When “Puck” LED lights became popular in the 90’s I changed out the incandescent grain of wheat lamps out with LED ones.  They are quite flat and about 3″ in diameter.

They produced considerably more light and consumed much less power.

The third generation LED lights I installed had a motion sensor in them.  Normally the motion sensor would illuminate the unit for a minute or two.  I soldered a resistor across the switch so that the LED always glowed and would brighten considerably when the motion sensor was activated.  I installed these modified units in the dark areas of the house.  (Bathrooms with no windows and closets)  Further I powered them with a separate 4.5VDC power supply+Battery replenished with a solar panel permanently installed on the roof.

Is there anything that Software cannot do?

While I was deep into firmware based microprocessor projects Microsoft and IBM released the Personal Computer based on a similar Microprocessor.  From then until now I’ve built many projects that are a simple hardware circuit driven by software. (One of the first solutions was a software thermostat for the house in the late 80’s.)  I have maybe a dozen Raspberry Pi’s that have proven to be extremely reliable considering their low cost.
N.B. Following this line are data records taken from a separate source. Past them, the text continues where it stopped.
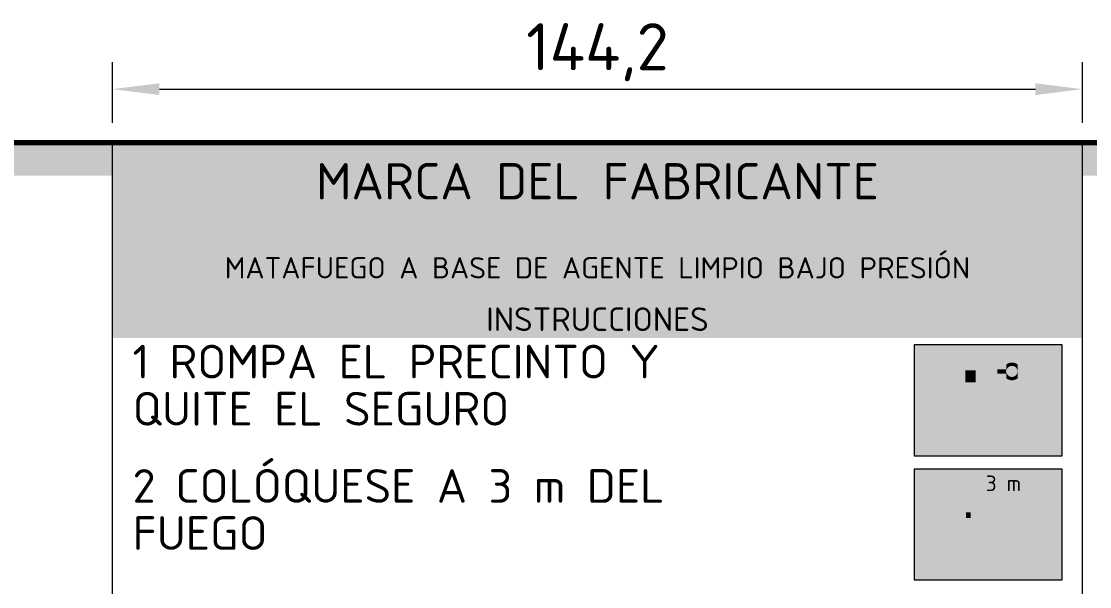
# Model space of a CAD drawing. Header units: millimetres. Extents: x 0 to 2382, y 0 to 420.
# Drawn here: x 1919.2 to 1998.6, y 303.5 to 345.5 of the extents above; entities that cross this region are included whole.
import ezdxf
from ezdxf.enums import TextEntityAlignment as Align

# ---------------------------------------------------------------- set-up
doc = ezdxf.new("R2010")
doc.units = ezdxf.units.MM
for name, color, linetype, lineweight in [('01-VISIBLE', 7, 'CONTINUOUS', 70), ('04-COTA', 3, 'CONTINUOUS', 18), ('08-FINA', 5, 'CONTINUOUS', 18), ('13-GRAFICA', 30, 'CONTINUOUS', 18)]:
    doc.layers.add(name, color=color, linetype=linetype, lineweight=lineweight)
doc.styles.add('ISO3098', font='isocpeur.ttf')
doc.dimstyles.new('FLAMA-IRAM', dxfattribs={"dimtxt": 3.5, "dimasz": 3.5, "dimexe": 2, "dimexo": 1.5, "dimgap": 1, "dimtad": 1, "dimdec": 1, "dimtxsty": 'ISO3098', "dimblk": 'IRAM_FLECHA', "dimblk1": 'IRAM_FLECHA', "dimblk2": 'IRAM_FLECHA', "dimcen": 2.5, "dimclrd": 256, "dimclre": 256, "dimclrt": 256, "dimazin": 3, "dimtfac": 1, "dimtmove": 0, "dimatfit": 3, "dimlwd": 18, "dimlwe": 18})

# ---------------------------------------------------------------- blocks, each defined once
blk = doc.blocks.new('IRAM_FLECHA')
blk.add_solid([(0, 0), (-1, 0.125), (-1, -0.125)])

msp = doc.modelspace()

# ---------------------------------------------------------------- hatches: boundary and pattern name
at = {"layer": '13-GRAFICA', "true_color": 0x009146}
h = msp.add_hatch(color=7, dxfattribs=at)
h.dxf.hatch_style = 1
h.paths.add_polyline_path([(1925.95, 334.058), (1925.95, 336.493), (1889.9, 336.493), (1889.9, 334.058)])
h = msp.add_hatch(color=7, dxfattribs=at)
h.dxf.hatch_style = 1
h.paths.add_polyline_path([(1998.05, 324.779), (1998.05, 336.493), (1925.95, 336.493), (1925.95, 324.779)])
h = msp.add_hatch(color=7, dxfattribs=at)
h.dxf.hatch_style = 1
h.paths.add_polyline_path([(2034.1, 334.058), (2034.1, 336.493), (1998.05, 336.493), (1998.05, 334.058)])
at = {"layer": '13-GRAFICA', "true_color": 0xffd200}
h = msp.add_hatch(color=7, dxfattribs=at)
h.dxf.hatch_style = 1
h.paths.add_polyline_path([(1998.05, 321.974), (1998.05, 324.779), (1925.95, 324.779), (1925.95, 321.974)])
at = {"layer": '13-GRAFICA', "true_color": 0xffffff}
h = msp.add_hatch(color=7, dxfattribs=at)
h.dxf.hatch_style = 1
h.paths.add_polyline_path([(1996.55, 313.224), (1996.55, 321.474), (1985.55, 321.474), (1985.55, 313.224)])
at = {"layer": '13-GRAFICA', "true_color": 0x191919}
h = msp.add_hatch(color=7, dxfattribs=at)
h.dxf.hatch_style = 1
h.paths.add_polyline_path([(1991.641, 320.322), (1991.657, 320.323), (1991.673, 320.323), (1991.689, 320.321), (1991.704, 320.317), (1991.719, 320.312), (1991.733, 320.306), (1991.747, 320.298), (1991.76, 320.289), (1991.772, 320.278), (1991.783, 320.267), (1991.792, 320.254), (1991.801, 320.241), (1991.808, 320.227), (1991.813, 320.212), (1991.817, 320.197), (1991.82, 320.181), (1991.821, 320.166), (1991.821, 320.15), (1991.819, 320.134), (1991.815, 320.119), (1991.81, 320.104), (1991.804, 320.089), (1991.796, 320.076), (1991.787, 320.063), (1991.776, 320.051), (1991.765, 320.04), (1991.752, 320.03), (1991.739, 320.022), (1991.725, 320.015), (1991.71, 320.009), (1991.695, 320.005), (1989.635, 319.555), (1989.62, 319.552), (1989.604, 319.551), (1989.588, 319.552), (1989.573, 319.554), (1989.557, 319.557), (1989.542, 319.562), (1989.528, 319.569), (1989.514, 319.577), (1989.501, 319.586), (1989.49, 319.596), (1989.479, 319.608), (1989.469, 319.62), (1989.461, 319.633), (1989.454, 319.648), (1989.448, 319.662), (1989.444, 319.678), (1989.441, 319.693), (1989.44, 319.709), (1989.441, 319.725), (1989.443, 319.74), (1989.446, 319.756), (1989.451, 319.771), (1989.458, 319.785), (1989.466, 319.799), (1989.475, 319.812), (1989.485, 319.824), (1989.497, 319.834), (1989.509, 319.844), (1989.523, 319.852), (1989.537, 319.859), (1989.551, 319.865), (1989.567, 319.869), (1991.626, 320.32)])
h = msp.add_hatch(color=7, dxfattribs=at)
h.dxf.hatch_style = 1
h.paths.add_polyline_path([(1992.391, 318.984), (1992.343, 319.028), (1992.3, 319.075), (1992.261, 319.128), (1992.228, 319.183), (1992.2, 319.242), (1992.178, 319.303), (1992.162, 319.365), (1992.153, 319.43), (1992.15, 319.494), (1992.153, 319.559), (1992.162, 319.623), (1992.178, 319.686), (1992.2, 319.747), (1992.228, 319.805), (1992.261, 319.861), (1992.3, 319.913), (1992.343, 319.961), (1992.391, 320.004), (1992.397, 320.009), (1992.397, 319.494), (1992.397, 318.979)])
h = msp.add_hatch(color=7, dxfattribs=at)
h.dxf.hatch_style = 1
h.paths.add_polyline_path([(1992.443, 320.043), (1992.499, 320.076), (1992.557, 320.104), (1992.618, 320.126), (1992.681, 320.142), (1992.745, 320.151), (1992.81, 320.154), (1992.874, 320.151), (1992.939, 320.142), (1993.001, 320.126), (1993.062, 320.104), (1993.121, 320.076), (1993.176, 320.043), (1993.222, 320.009), (1993.222, 319.494), (1993.22, 319.535), (1993.214, 319.575), (1993.205, 319.614), (1993.191, 319.652), (1993.174, 319.689), (1993.153, 319.723), (1993.129, 319.756), (1993.101, 319.786), (1993.071, 319.813), (1993.039, 319.837), (1993.004, 319.858), (1992.968, 319.875), (1992.93, 319.889), (1992.89, 319.899), (1992.85, 319.905), (1992.81, 319.907), (1992.769, 319.905), (1992.729, 319.899), (1992.69, 319.889), (1992.652, 319.875), (1992.615, 319.858), (1992.581, 319.837), (1992.548, 319.813), (1992.518, 319.786), (1992.491, 319.756), (1992.467, 319.723), (1992.446, 319.689), (1992.429, 319.652), (1992.415, 319.614), (1992.405, 319.575), (1992.399, 319.535), (1992.397, 319.494), (1992.397, 320.009)])
h = msp.add_hatch(color=7, dxfattribs=at)
h.dxf.hatch_style = 1
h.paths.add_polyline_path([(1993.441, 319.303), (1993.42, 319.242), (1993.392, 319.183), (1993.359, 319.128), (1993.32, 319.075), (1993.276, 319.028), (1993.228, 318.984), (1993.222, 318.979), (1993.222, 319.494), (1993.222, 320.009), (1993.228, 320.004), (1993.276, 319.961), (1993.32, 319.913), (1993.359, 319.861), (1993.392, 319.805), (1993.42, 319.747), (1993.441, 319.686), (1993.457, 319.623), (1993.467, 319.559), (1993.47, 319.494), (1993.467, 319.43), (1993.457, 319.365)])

Hardware or Firmware solutions

In the 80’s microprocessors had become mainstream and my curiosity moved from analog hardware solutions to digital ones.  There were several local stores that I could buy 7400 series Integrated Circuits in DIP packages for pennies.  I was fascinated with the ease of building an If/Then digital circuit and tie that to a discrete component to power the action desired.  Darlington transistors, especially PNP ones were terribly easy to interface with an open collector Integrated circuit.  When the Zilog Z80 Microprocessor came out, I moved onto writing machine code into EEPROMS to get the desired results into my If/Then digital circuits I already knew. (I built a firmware based recipe box and a homemade Inverter/Charger that is commonly called a UPS today.)

Fast track Ohms Law and basic electricity

As a young child of the 1960’s I was fascinated with batteries and electricity.  To feed my curiosity I had an Allied Radio catalog that (much like Amazon today) I could order about anything I could afford and have it delivered to our door.  I spent the next 10 years building small circuits to fit a wide array of purposes.  (I almost always had a solar powered radio in some form.) When I finally went to Junior College I already had a basic understanding of how most things around the house worked.